• **Activity**
An exact transcription of every entry is required, with the images left out.

Dataset excerpts
════════

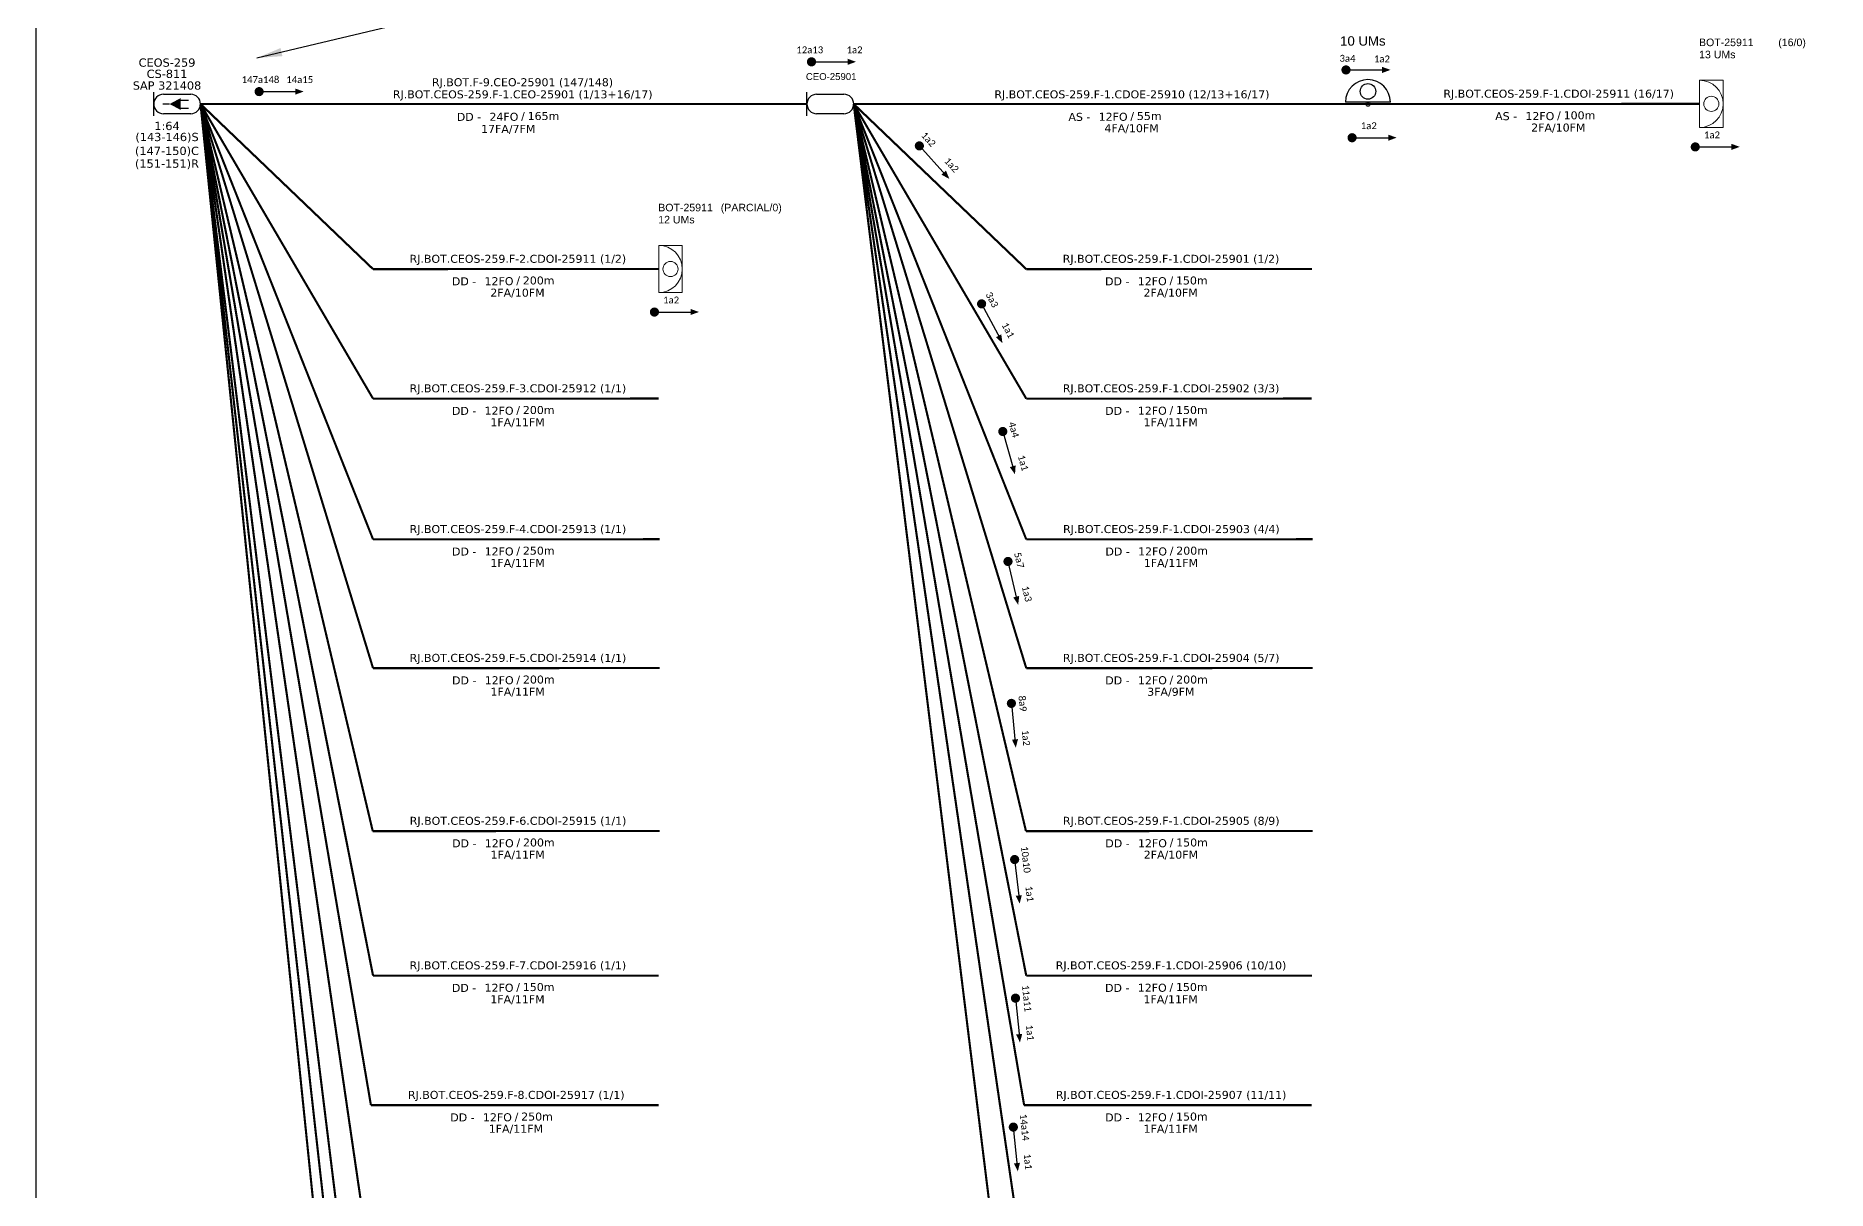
# Model space of a CAD drawing. Header units: metres. Extents: x -1286 to -445, y -500 to 94.
# Drawn here: x -1286.1 to -930.6, y -357.3 to -128.3 of the extents above; entities that cross this region are included whole.
import ezdxf
from ezdxf.enums import TextEntityAlignment as Align

# ---------------------------------------------------------------- set-up
doc = ezdxf.new("R2010")
doc.units = ezdxf.units.M
for name, color, linetype, lineweight in [("20.0-LEGENDA DOS CDO'S", 1, 'Continuous', 0), ('20.1-CDO_INTERIOR', 1, 'Continuous', 0), ('40.1-ETIQUETAS', 1, 'Continuous', 20)]:
    doc.layers.add(name, color=color, linetype=linetype, lineweight=lineweight)
for name, color, linetype in [('20.4-CEOS', 1, 'Continuous'), ('CAP a instalar', 1, 'Continuous'), ('label_cabos', 7, 'Continuous'), ('SETA', 7, 'Continuous')]:
    doc.layers.add(name, color=color, linetype=linetype)
doc.styles.add('ARIAL', font='arial.ttf')
doc.styles.add('siredit', font='verdana.ttf')
doc.linetypes.add('FENCELINE1', pattern='A,0.25,-0.1,[133,ltypeshp.shx,S=0.1,R=0,X=-0.1,Y=0],-0.1,1', length=1.45)
doc.dimstyles.new('ISO-25', dxfattribs={"dimtxt": 2.5, "dimasz": 2.5, "dimexe": 1.25, "dimexo": 0.625, "dimtad": 1, "dimtxsty": 'Standard', "dimcen": 2.5, "dimadec": 0, "dimazin": 0, "dimtfac": 1, "dimtmove": 0, "dimatfit": 3, "dimfxl": 0, "dimarcsym": 0})

# ---------------------------------------------------------------- blocks, each defined once
blk = doc.blocks.new('ETIQUETA_RS5F')
at = {"layer": '40.1-ETIQUETAS', "color": 0, "style": 'siredit'}
blk.add_text('/', height=1.5, dxfattribs=at).set_placement((1.58, -1.95), align=Align.MIDDLE_RIGHT)
for tag, p in [('ETIQUETA_R_PRIMARIA', (1.21, 4.1)), ('ETIQUETA_R_SECUNDARIA', (1.21, 2.1)), ('F_ATIVAS/F_MORTAS', (1.14, -4.24))]:
    blk.add_attdef(tag, text='', height=1.5, dxfattribs=at).set_placement(p, align=Align.MIDDLE_CENTER)
for tag, p in [('TIPO_CABO', (-6.58, -2.12)), ('CAP_CABO', (0.4, -2.09))]:
    blk.add_attdef(tag, text='', height=1.5, dxfattribs=at).set_placement(p, align=Align.MIDDLE_RIGHT)
blk.add_attdef('METROS', text='', height=1.5, dxfattribs=at).set_placement((2.14, -1.95), align=Align.MIDDLE_LEFT)
for tag, p in [('FUSÃO_1', (0.85, -8.39)), ('FUSÃO_2', (0.85, -10.6)), ('FUSÃO_3', (0.85, -12.93)), ('FUSÃO_4', (0.85, -15.14)), ('FUSÃO_5', (0.85, -17.16))]:
    blk.add_attdef(tag, text='', height=1.5, dxfattribs=at).set_placement(p, align=Align.CENTER)

msp = doc.modelspace()

# ---------------------------------------------------------------- linework, layer by layer
msp.add_lwpolyline([(-1286.07, -499.81), (-445.07, -499.81), (-445.07, 94.19), (-1286.07, 94.19)], close=True)
for points, const_width in [([(-1132.58, -133.48, 1), (-1131.67, -133.48, 1)], 0.908), ([(-1026.5, -135.08, 1), (-1025.59, -135.08, 1)], 0.908), ([(-1242.2, -139.38, 1), (-1241.3, -139.38, 1)], 0.908), ([(-1111.02, -149.81, 1), (-1110.41, -150.48, 1)], 0.907), ([(-1025.29, -148.53, 1), (-1024.38, -148.53, 1)], 0.908), ([(-957.18, -150.35, 1), (-956.28, -150.35, 1)], 0.908), ([(-1163.75, -183.12, 1), (-1162.84, -183.12, 1)], 0.908)]:
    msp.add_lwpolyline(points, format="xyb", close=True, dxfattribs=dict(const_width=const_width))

════════

• **Response for this exercise**
# Model space of a CAD drawing. Header units: metres. Extents: x -1286 to -445, y -500 to 94.
# Drawn here: x -1286.1 to -930.6, y -357.3 to -128.3 of the extents above; entities that cross this region are included whole.
import ezdxf
from ezdxf.enums import TextEntityAlignment as Align

# ---------------------------------------------------------------- set-up
doc = ezdxf.new("R2010")
doc.units = ezdxf.units.M
for name, color, linetype, lineweight in [("20.0-LEGENDA DOS CDO'S", 1, 'Continuous', 0), ('20.1-CDO_INTERIOR', 1, 'Continuous', 0), ('40.1-ETIQUETAS', 1, 'Continuous', 20)]:
    doc.layers.add(name, color=color, linetype=linetype, lineweight=lineweight)
for name, color, linetype in [('20.4-CEOS', 1, 'Continuous'), ('CAP a instalar', 1, 'Continuous'), ('label_cabos', 7, 'Continuous'), ('SETA', 7, 'Continuous')]:
    doc.layers.add(name, color=color, linetype=linetype)
doc.styles.add('ARIAL', font='arial.ttf')
doc.styles.add('siredit', font='verdana.ttf')
doc.linetypes.add('FENCELINE1', pattern='A,0.25,-0.1,[133,ltypeshp.shx,S=0.1,R=0,X=-0.1,Y=0],-0.1,1', length=1.45)
doc.dimstyles.new('ISO-25', dxfattribs={"dimtxt": 2.5, "dimasz": 2.5, "dimexe": 1.25, "dimexo": 0.625, "dimtad": 1, "dimtxsty": 'Standard', "dimcen": 2.5, "dimadec": 0, "dimazin": 0, "dimtfac": 1, "dimtmove": 0, "dimatfit": 3, "dimfxl": 0, "dimarcsym": 0})

# ---------------------------------------------------------------- blocks, each defined once
blk = doc.blocks.new('ETIQUETA_RS5F')
at = {"layer": '40.1-ETIQUETAS', "color": 0, "style": 'siredit'}
blk.add_text('/', height=1.5, dxfattribs=at).set_placement((1.58, -1.95), align=Align.MIDDLE_RIGHT)
for tag, p in [('ETIQUETA_R_PRIMARIA', (1.21, 4.1)), ('ETIQUETA_R_SECUNDARIA', (1.21, 2.1)), ('F_ATIVAS/F_MORTAS', (1.14, -4.24))]:
    blk.add_attdef(tag, text='', height=1.5, dxfattribs=at).set_placement(p, align=Align.MIDDLE_CENTER)
for tag, p in [('TIPO_CABO', (-6.58, -2.12)), ('CAP_CABO', (0.4, -2.09))]:
    blk.add_attdef(tag, text='', height=1.5, dxfattribs=at).set_placement(p, align=Align.MIDDLE_RIGHT)
blk.add_attdef('METROS', text='', height=1.5, dxfattribs=at).set_placement((2.14, -1.95), align=Align.MIDDLE_LEFT)
for tag, p in [('FUSÃO_1', (0.85, -8.39)), ('FUSÃO_2', (0.85, -10.6)), ('FUSÃO_3', (0.85, -12.93)), ('FUSÃO_4', (0.85, -15.14)), ('FUSÃO_5', (0.85, -17.16))]:
    blk.add_attdef(tag, text='', height=1.5, dxfattribs=at).set_placement(p, align=Align.CENTER)

msp = doc.modelspace()

# ---------------------------------------------------------------- linework, layer by layer
msp.add_lwpolyline([(-1286.07, -499.81), (-445.07, -499.81), (-445.07, 94.19), (-1286.07, 94.19)], close=True)
for points, const_width in [([(-1132.58, -133.48, 1), (-1131.67, -133.48, 1)], 0.908), ([(-1026.5, -135.08, 1), (-1025.59, -135.08, 1)], 0.908), ([(-1242.2, -139.38, 1), (-1241.3, -139.38, 1)], 0.908), ([(-1111.02, -149.81, 1), (-1110.41, -150.48, 1)], 0.907), ([(-1025.29, -148.53, 1), (-1024.38, -148.53, 1)], 0.908), ([(-957.18, -150.35, 1), (-956.28, -150.35, 1)], 0.908), ([(-1163.75, -183.12, 1), (-1162.84, -183.12, 1)], 0.908)]:
    msp.add_lwpolyline(points, format="xyb", close=True, dxfattribs=dict(const_width=const_width))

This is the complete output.